[Items from a dataset]
┄┄┄┄┄┄┄┄┄┄┄┄┄┄┄┄┄┄┄┄
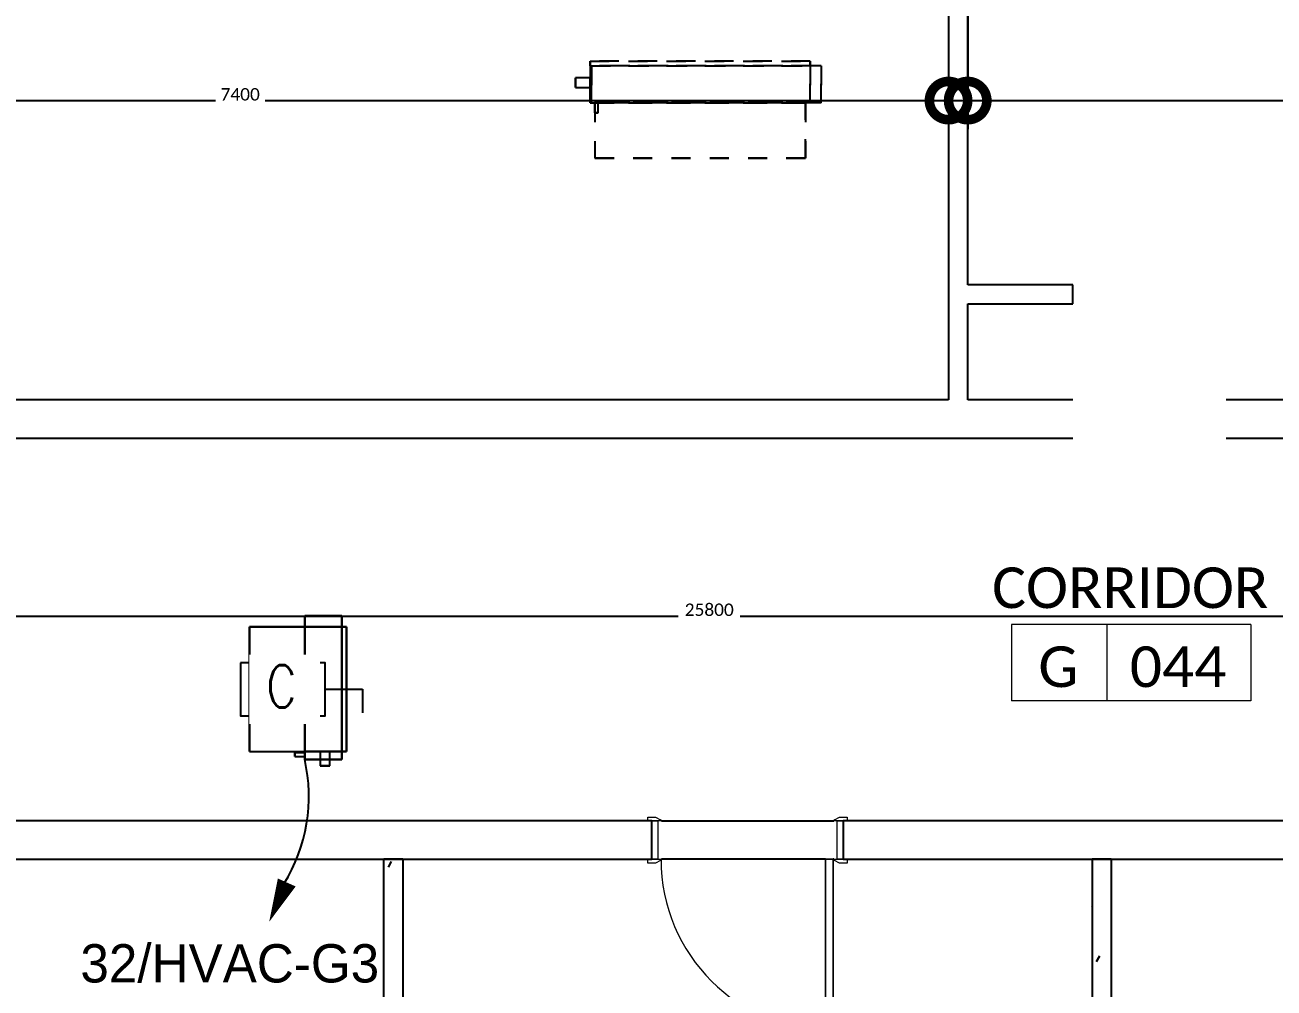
# Model space of a CAD drawing. Header units: metres. Extents: x 22.6 to 101.3, y 9.4 to 67.4.
# Drawn here: x 74.62 to 81.14, y 55.37 to 60.4 of the extents above; entities that cross this region are included whole.
import ezdxf

# ---------------------------------------------------------------- set-up
doc = ezdxf.new("R2010")
doc.units = ezdxf.units.M
doc.set_wipeout_variables(frame=1)
doc.linetypes.add('ECG_Line-Ptrn-Dash-1', pattern=[2, 1, -1])
doc.linetypes.add('ECG_Line-Ptrn-Sold', pattern=[9144.001, 9144, -0.001])
for name, color, linetype in [('00', 252, 'Continuous'), ('E- symbol Disc', 7, 'Continuous'), ('HVAC', 1, 'Continuous'), ('LEGEND$0$E-SOCKET', 3, 'Continuous')]:
    doc.layers.add(name, color=color, linetype=linetype)
for name, color, linetype, lineweight in [('A-DIM', 7, 'Continuous', 5), ('A-DOOR', 5, 'Continuous', 5), ('A-TEXT', 7, 'ECG_Line-Ptrn-Sold', 13), ('M-EQPM', 1, 'Continuous', 25)]:
    doc.layers.add(name, color=color, linetype=linetype, lineweight=lineweight)
doc.styles.add('Calibri', font='calibri.ttf', dxfattribs={"height": 0.212639})
doc.styles.add('ROMANS1', font='romans.shx', dxfattribs={"width": 0.8, "height": 250})
doc.dimstyles.new('ECG_Dimn-Detl-100', dxfattribs={"dimscale": 0.3048, "dimtxt": 0.25, "dimasz": 1.312336, "dimexe": 0.492126, "dimexo": 0.0625, "dimgap": 0, "dimtad": 1, "dimdec": 0, "dimlfac": 1000, "dimzin": 0, "dimdsep": 46, "dimtxsty": 'Calibri', "dimblk1": 'DOTSMALL', "dimblk2": 'DOTSMALL', "dimsah": 1, "dimcen": 0.09, "dimdle": 0.492126, "dimazin": 0, "dimtfac": 1, "dimtdec": 4, "dimtix": 1, "dimtmove": 0, "dimatfit": 3, "dimfxl": 0.492126, "dimfxlon": 1, "dimtvp": 1, "dimtolj": 1, "dimtzin": 0, "dimarcsym": 2})
doc.dimstyles.new('ECG_Dimn-Detl-100_1', dxfattribs={"dimscale": 0.3048, "dimtxt": 0.25, "dimasz": 1.312336, "dimexe": 0.492126, "dimexo": 0.0625, "dimgap": 0, "dimtad": 1, "dimdec": 0, "dimlfac": 1000, "dimzin": 0, "dimdsep": 46, "dimtxsty": 'Calibri', "dimblk1": 'DOTSMALL', "dimblk2": 'DOTSMALL', "dimsah": 1, "dimcen": 0.09, "dimdle": 0.492126, "dimazin": 0, "dimtfac": 1, "dimtdec": 4, "dimtix": 1, "dimtmove": 2, "dimatfit": 3, "dimfxl": 0.492126, "dimfxlon": 1, "dimtvp": 1, "dimtolj": 1, "dimtzin": 0, "dimarcsym": 2})
pattern_1 = [(0, (0, 0), (0.813, 0.203), [0.034, -0.576, 0.034, -0.576, -3.251]), (0, (0, 0), (0.813, 0.203), [-1.219, 0.034, -1.186, 0.034, -0.576, -1.422]), (0, (0, 0), (0.813, 0.203), [-3.048, 0.034, -0.373, 0.034, -0.982]), (120, (0.305, 0.102), (-0.58230316, 0.60257865), [0.034, -0.576, 0.034, -0.576, -3.251]), (120, (0.305, 0.102), (-0.58230316, 0.60257865), [-1.219, 0.034, -1.186, 0.034, -0.576, -1.422]), (120, (0.305, 0.102), (-0.58230316, 0.60257865), [-3.048, 0.034, -0.373, 0.034, -0.982]), (240, (0.406, 0.508), (-0.23069684, -0.80557865), [0.034, -0.576, 0.034, -0.576, -3.251]), (240, (0.406, 0.508), (-0.23069684, -0.80557865), [-1.219, 0.034, -1.186, 0.034, -0.576, -1.422]), (240, (0.406, 0.508), (-0.23069684, -0.80557865), [-3.048, 0.034, -0.373, 0.034, -0.982])]

# ---------------------------------------------------------------- blocks, each defined once
blk = doc.blocks.new('ECG_ Door-Single Leaf-Gnrc - 1000x2200 mm-2067090-GROUND FLOOR PLAN')
at = {"layer": 'A-DOOR'}
for p, q in [((-0.52, 0.12), (-0.48, 0.12)), ((-0.52, 0.1), (-0.52, 0.12)), ((-0.45, 0.1), (-0.5, 0.1)), ((-0.5, 0.1), (-0.468, 0.1)), ((-0.48, 0.12), (-0.454, 0.106)), ((-0.468, 0.1), (-0.468, -0.1)), ((0.5, 0.1), (0.45, 0.1)), ((0.454, 0.106), (0.48, 0.12)), ((0.468, 0.1), (0.5, 0.1)), ((0.468, -0.1), (0.468, 0.1)), ((0.48, 0.12), (0.52, 0.12)), ((0.52, 0.12), (0.52, 0.1)), ((-0.52, -0.12), (-0.52, -0.1)), ((-0.48, -0.12), (-0.52, -0.12)), ((-0.5, -0.1), (-0.45, -0.1)), ((-0.468, -0.1), (-0.5, -0.1)), ((-0.454, -0.106), (-0.48, -0.12)), ((0.408, -0.1), (0.448, -0.1)), ((0.408, -1), (0.408, -0.1)), ((0.408, -0.1), (0.408, -1)), ((0.448, -0.1), (0.408, -0.1)), ((0.448, -0.1), (0.448, -1)), ((0.448, -1), (0.448, -0.1)), ((0.45, -0.1), (0.5, -0.1)), ((0.48, -0.12), (0.454, -0.106)), ((0.5, -0.1), (0.468, -0.1)), ((0.52, -0.12), (0.48, -0.12)), ((0.52, -0.1), (0.52, -0.12)), ((0.448, -1), (0.408, -1)), ((0.408, -1), (0.448, -1))]:
    blk.add_line(p, q, dxfattribs=at)
for centre, radius, start, end in [((-0.458, 0.099), 0.00806, 7.12502, 60.25512), ((0.458, 0.099), 0.00806, 119.74488, 172.87498), ((-0.458, -0.099), 0.00806, 299.74488, 352.87498), ((0.448, -0.1), 0.9, 180, 270), ((0.458, -0.099), 0.00806, 187.12502, 240.25512)]:
    blk.add_arc(centre, radius, start, end, dxfattribs=at)
blk = doc.blocks.new('ECG_G-Tag-Room - ECG_G-Tag-Room-Engl-1568319-GROUND FLOOR PLAN')
at = {"layer": 'A-TEXT'}
for p, q in [((-0.00625, 0), (-0.00625, -0.004)), ((0.00625, 0), (-0.00625, 0)), ((-0.00125, -0.004), (-0.00125, 0)), ((0.00625, 0), (0.00625, -0.004)), ((0.00625, -0.004), (-0.00625, -0.004))]:
    blk.add_line(p, q, dxfattribs=at)
blk = doc.blocks.new('_DotSmall')
at = {"color": 0, "linetype": 'ByBlock', "const_width": 0.5}
blk.add_lwpolyline([(-0.0625, 0, 1), (0.0625, 0, 1)], format="xyb", close=True, dxfattribs=at)
blk = doc.blocks.new('ECG_MECHEQ-Split Unit-Concealed-Horizontal-Plenum-2Pipe _4_ - CSU-01-2512747-GROUND FLOOR PLAN')
at = {"layer": 'M-EQPM'}
for p, q in [((520.3, 335), (-229.7, 335)), ((-229.7, 335), (-229.7, 141.3)), ((-229.7, 141.3), (-229.7, 335)), ((-229.7, 335), (520.3, 335)), ((-229.7, 335), (-229.7, 335)), ((477.4, 360.4), (-172.6, 360.4)), ((-172.6, 360.4), (-172.6, 335)), ((-172.6, 335), (-172.6, 360.4)), ((-172.6, 360.4), (477.4, 360.4)), ((-172.6, 360.4), (-172.6, 360.4)), ((-172.6, 335), (477.4, 335)), ((477.4, 335), (-172.6, 335)), ((-172.6, 335), (-172.6, 335)), ((477.4, 335), (-172.6, 335)), ((-172.6, 335), (-172.6, 141.3)), ((-172.6, 141.3), (-172.6, 335)), ((-172.6, 335), (477.4, 335)), ((-172.6, 335), (-172.6, 335)), ((477.4, 335), (477.4, 360.4)), ((477.4, 360.4), (477.4, 335)), ((477.4, 360.4), (477.4, 360.4)), ((477.4, 335), (477.4, 335)), ((477.4, 141.3), (477.4, 335)), ((477.4, 335), (477.4, 141.3)), ((477.4, 335), (477.4, 335)), ((520.3, 141.3), (520.3, 335)), ((520.3, 335), (520.3, 141.3)), ((520.3, 335), (520.3, 335)), ((553.4, 272.8), (477.4, 272.8)), ((477.4, 272.8), (477.4, 222.8)), ((477.4, 222.8), (477.4, 272.8)), ((553.4, 272.8), (553.4, 222.8)), ((553.4, 222.8), (553.4, 272.8)), ((477.4, 222.8), (553.4, 222.8)), ((-229.7, 141.3), (520.3, 141.3)), ((520.3, 141.3), (-229.7, 141.3)), ((-229.7, 141.3), (-229.7, 141.3)), ((-172.6, 141.3), (477.4, 141.3)), ((477.4, 141.3), (-172.6, 141.3)), ((-172.6, 141.3), (-172.6, 141.3)), ((-172.6, 141.3), (477.4, 141.3)), ((477.4, 141.3), (-172.6, 141.3)), ((-172.6, 141.3), (-172.6, 141.3)), ((-172.6, 141.3), (-172.6, -147.6)), ((-172.6, -147.6), (-172.6, 141.3)), ((477.4, 141.3), (477.4, 141.3)), ((477.4, 141.3), (477.4, 141.3)), ((477.4, -147.6), (477.4, 141.3)), ((477.4, -147.6), (477.4, 141.3)), ((485.3, 141.3), (485.3, 90.5)), ((485.3, 141.3), (504.4, 141.3)), ((504.4, 141.3), (485.3, 141.3)), ((504.4, 90.5), (504.4, 141.3)), ((520.3, 141.3), (520.3, 141.3)), ((485.3, 90.5), (504.4, 90.5)), ((504.4, 90.5), (485.3, 90.5)), ((-172.6, -147.6), (-172.6, -147.6)), ((-172.6, -147.6), (477.4, -147.6)), ((477.4, -147.6), (-172.6, -147.6)), ((477.4, -147.6), (477.4, -147.6))]:
    blk.add_line(p, q, dxfattribs=at)
blk = doc.blocks.new('ECG_MECHEQ-Split Unit-Concealed-Horizontal-Plenum-2Pipe _4_ - CSU-05-1692101-GROUND FLOOR PLAN')
at = {"layer": 'M-EQPM', "linetype": 'ECG_Line-Ptrn-Dash-1'}
for p, q in [((-397.6, 147.6), (702.4, 147.6)), ((702.4, 147.6), (-397.6, 147.6)), ((-397.6, 147.6), (-397.6, 147.6)), ((-397.6, 147.6), (-397.6, -141.3)), ((-397.6, -141.3), (-397.6, 147.6)), ((702.4, 147.6), (702.4, 147.6)), ((702.4, -141.3), (702.4, 147.6)), ((702.4, -141.3), (702.4, 147.6)), ((685.3, -90.5), (685.3, -141.3)), ((685.3, -90.5), (704.4, -90.5)), ((704.4, -90.5), (685.3, -90.5)), ((704.4, -141.3), (704.4, -90.5)), ((720.3, -141.3), (-479.7, -141.3)), ((-479.7, -141.3), (-479.7, -335)), ((-479.7, -335), (-479.7, -141.3)), ((-479.7, -141.3), (720.3, -141.3)), ((-479.7, -141.3), (-479.7, -141.3)), ((727.4, -141.3), (-422.6, -141.3)), ((-422.6, -141.3), (-422.6, -335)), ((-422.6, -335), (-422.6, -141.3)), ((-422.6, -141.3), (727.4, -141.3)), ((-422.6, -141.3), (-422.6, -141.3)), ((-397.6, -141.3), (-397.6, -141.3)), ((-397.6, -141.3), (702.4, -141.3)), ((702.4, -141.3), (-397.6, -141.3)), ((685.3, -141.3), (704.4, -141.3)), ((704.4, -141.3), (685.3, -141.3)), ((702.4, -141.3), (702.4, -141.3)), ((720.3, -335), (720.3, -141.3)), ((720.3, -141.3), (720.3, -335)), ((720.3, -141.3), (720.3, -141.3)), ((727.4, -335), (727.4, -141.3)), ((727.4, -141.3), (727.4, -335)), ((727.4, -141.3), (727.4, -141.3)), ((803.4, -222.8), (727.4, -222.8)), ((727.4, -272.8), (727.4, -222.8)), ((727.4, -222.8), (727.4, -272.8)), ((803.4, -272.8), (803.4, -222.8)), ((803.4, -222.8), (803.4, -272.8)), ((727.4, -272.8), (803.4, -272.8)), ((-479.7, -335), (720.3, -335)), ((720.3, -335), (-479.7, -335)), ((-479.7, -335), (-479.7, -335)), ((727.4, -335), (-422.6, -335)), ((-422.6, -335), (-422.6, -360.4)), ((-422.6, -360.4), (-422.6, -335)), ((-422.6, -335), (727.4, -335)), ((-422.6, -335), (-422.6, -335)), ((-422.6, -335), (727.4, -335)), ((727.4, -335), (-422.6, -335)), ((-422.6, -335), (-422.6, -335)), ((-422.6, -360.4), (727.4, -360.4)), ((727.4, -360.4), (-422.6, -360.4)), ((-422.6, -360.4), (-422.6, -360.4)), ((720.3, -335), (720.3, -335)), ((727.4, -360.4), (727.4, -335)), ((727.4, -335), (727.4, -360.4)), ((727.4, -335), (727.4, -335)), ((727.4, -335), (727.4, -335)), ((727.4, -360.4), (727.4, -360.4))]:
    blk.add_line(p, q, dxfattribs=at)
blk = doc.blocks.new('A$C7b4cc595')
at = {"layer": 'M-EQPM', "linetype": 'ECG_Line-Ptrn-Dash-1', "rotation": 180}
blk.add_blockref('ECG_MECHEQ-Split Unit-Concealed-Horizontal-Plenum-2Pipe _4_ - CSU-05-1692101-GROUND FLOOR PLAN', (-9295.1, 5208.6), dxfattribs=at)
at = {"layer": 'M-EQPM', "rotation": 269.9999999999996}
blk.add_blockref('ECG_MECHEQ-Split Unit-Concealed-Horizontal-Plenum-2Pipe _4_ - CSU-01-2512747-GROUND FLOOR PLAN', (-11654.5, 2440.9), dxfattribs=at)
blk = doc.blocks.new('*U837')
at = {"layer": 'HVAC', "color": 0}
for p, q in [((0.0594, 0.0955), (0.0594, 0.1792)), ((0.0594, 0.1792), (0.1123, 0.1792))]:
    blk.add_line(p, q, dxfattribs=at)
blk.add_lwpolyline([(0, -0.0935), (0.1187, -0.0935), (0.1187, 0.0955), (0, 0.0955)], close=True, dxfattribs=at)
at = {"color": 0}
blk.add_wipeout([(-0.0179, 0.0845), (0.1368, 0.0845), (0.1368, -0.0738), (-0.0179, -0.0738)], dxfattribs=at).dxf.layer = 'Defpoints'

msp = doc.modelspace()

# ---------------------------------------------------------------- hatches: boundary and pattern name
at = {"layer": '00'}
h = msp.add_hatch(dxfattribs=at)
h.set_pattern_fill('FP_1', color=252, style=0, pattern_type=2)
h.set_pattern_definition(pattern_1)
h.paths.add_polyline_path([(76.4939, 37.1473), (76.5939, 37.1473), (76.5939, 56.0473), (76.4939, 56.0473), (76.4939, 38.6781)], flags=0)
h = msp.add_hatch(dxfattribs=at)
h.set_pattern_fill('FP_1', color=252, style=0, pattern_type=2)
h.set_pattern_definition(pattern_1)
h.paths.add_polyline_path([(80.2939, 37.1473), (80.2939, 42.9473), (80.1939, 42.9473), (80.1939, 37.1473)], flags=0)
h.paths.add_polyline_path([(80.1939, 43.6473), (80.2939, 43.6473), (80.2939, 50.7473), (80.1939, 50.7473), (80.1939, 47.4737)], flags=0)
h.paths.add_polyline_path([(80.2939, 51.4473), (80.2939, 56.0473), (80.1939, 56.0473), (80.1939, 51.4473)], flags=0)

# ---------------------------------------------------------------- linework, layer by layer
at = {"layer": '00', "color": 252}
for p, q in [((79.4439, 64.6473), (79.4439, 58.4473)), ((79.5439, 59.0473), (79.5439, 64.6473)), ((80.0939, 59.0473), (79.5439, 59.0473)), ((80.0939, 58.9473), (80.0939, 59.0473)), ((79.5439, 58.4473), (79.5439, 58.9473)), ((79.5439, 58.9473), (80.0939, 58.9473)), ((79.4439, 58.4473), (73.2939, 58.4473)), ((80.0939, 58.4473), (79.5439, 58.4473)), ((91.0939, 58.4473), (80.8939, 58.4473)), ((73.2939, 58.2473), (80.0939, 58.2473)), ((80.8939, 58.2473), (91.0939, 58.2473)), ((77.8939, 56.2473), (74.0939, 56.2473)), ((77.8939, 56.0473), (77.8939, 56.2473)), ((77.9439, 56.2473), (78.8439, 56.2473)), ((77.9439, 56.2473), (78.8439, 56.2473)), ((81.5939, 56.2473), (78.8939, 56.2473)), ((78.8939, 56.2473), (78.8939, 56.0473)), ((74.0939, 56.0473), (77.8939, 56.0473)), ((76.4939, 37.1473), (76.4939, 56.0473)), ((76.5939, 56.0473), (76.4939, 56.0473)), ((76.5939, 56.0473), (76.5939, 37.1473)), ((78.8019, 56.0473), (77.9439, 56.0473)), ((78.8019, 56.0473), (77.9439, 56.0473)), ((78.8439, 56.0473), (78.8419, 56.0473)), ((78.8439, 56.0473), (78.8419, 56.0473)), ((78.8939, 56.0473), (81.5939, 56.0473)), ((80.1939, 56.0473), (80.1939, 51.4473)), ((80.2939, 56.0473), (80.1939, 56.0473)), ((80.2939, 56.0473), (80.2939, 51.4473))]:
    msp.add_line(p, q, dxfattribs=at)
at = {"layer": 'HVAC'}
msp.add_lwpolyline([(75.9871, 55.9262, 0.1015, 0, 0), (75.8955, 55.7209, 0, 0, 0)], format="xyseb", dxfattribs=at)
msp.add_arc((75.2388, 56.3756), 0.8636, 328.10704, 12.88109, dxfattribs=at)

# ---------------------------------------------------------------- block references
at = {"layer": '00', "color": 252, "xscale": 99.99999999999993, "yscale": 99.99999999999993, "zscale": 99.99999999999993}
msp.add_blockref('ECG_G-Tag-Room - ECG_G-Tag-Room-Engl-1568319-GROUND FLOOR PLAN', (80.3978, 57.2741), dxfattribs=at)
at = {"layer": '00', "color": 252}
msp.add_blockref('ECG_ Door-Single Leaf-Gnrc - 1000x2200 mm-2067090-GROUND FLOOR PLAN', (78.3939, 56.1473), dxfattribs=at)
at = {"layer": 'HVAC', "xscale": 0.001, "yscale": 0.001, "zscale": 0.001}
msp.add_blockref('A$C7b4cc595', (87.5939, 54.6473), dxfattribs=at)

# ---------------------------------------------------------------- texts
at = {"layer": '00', "color": 252, "attachment_point": 2, "line_spacing_factor": 1.156427, "style": 'Calibri'}
for s, insert, char_height, width in [('CORRIDOR', (80.393, 57.5717), 0.21264, 1.752), ('\\fCalibri|b0|i0|c178|p34|;G', (80.0174, 57.1592), 0.212639, 0.255), ('044', (80.643, 57.1592), 0.21264, 0.612)]:
    msp.add_mtext(s, dxfattribs=dict(at, insert=insert, char_height=char_height, width=width))
at = {"layer": 'HVAC', "color": 40, "true_color": 0xf8d731, "insert": (74.9091, 55.6039), "char_height": 0.2, "attachment_point": 1}
msp.add_mtext_dynamic_manual_height_columns('32/HVAC-G3', width=0.006099, gutter_width=1, heights=[0], dxfattribs=at)

# ---------------------------------------------------------------- dimensions: what is measured, and where the dimension line sits
at = {"layer": 'A-DIM'}
for base, p1, p2, override in [((79.4439, 60.0096), (72.0439, 60.1596), (79.4439, 60.1596), {"dimpost": '<>', "dimfxl": 7.4}), ((91.0939, 57.3177), (65.2939, 57.4677), (91.0939, 57.4677), {"dimpost": '<>', "dimfxl": 25.8})]:
    msp.add_linear_dim(base=base, p1=p1, p2=p2, dimstyle='ECG_Dimn-Detl-100', override=override, dxfattribs=at).render()
msp.add_linear_dim(base=(91.0939, 60.0096), p1=(79.5439, 60.1596), p2=(91.0939, 60.1596), location=(85.1075, 60.1526), dimstyle='ECG_Dimn-Detl-100_1', override={"dimpost": '<>', "dimfxl": 11.55}, dxfattribs=at).render()

# ---------------------------------------------------------------- next in the draw order: block references
at = {"layer": 'LEGEND$0$E-SOCKET', "xscale": 2.336255999999227, "yscale": 2.336255999999227, "zscale": 2.336255999999227, "rotation": 270}
msp.add_blockref('*U837', (75.9638, 57.0737), dxfattribs=at)

# ---------------------------------------------------------------- next in the draw order: texts
at = {"layer": 'E- symbol Disc', "linetype": 'Continuous', "ltscale": 0.5, "style": 'ROMANS1', "width": 0.8}
msp.add_text('C', height=0.22, dxfattribs=at).set_placement((75.88, 56.8405))

doc.saveas('drawing.dxf')
┄┄┄┄┄┄┄┄┄┄┄┄┄┄┄┄┄┄┄┄
EXERCISE DIRECTIONS
The required output is every line above from the one with "insert=insert, char_height=char_height, width=width))" down to the one with "gutter_width=1, heights=[0], dxfattribs=at)", restated word for word, ends included.

EXERCISE OUTPUT
    msp.add_mtext(s, dxfattribs=dict(at, insert=insert, char_height=char_height, width=width))
at = {"layer": 'HVAC', "color": 40, "true_color": 0xf8d731, "insert": (74.9091, 55.6039), "char_height": 0.2, "attachment_point": 1}
msp.add_mtext_dynamic_manual_height_columns('32/HVAC-G3', width=0.006099, gutter_width=1, heights=[0], dxfattribs=at)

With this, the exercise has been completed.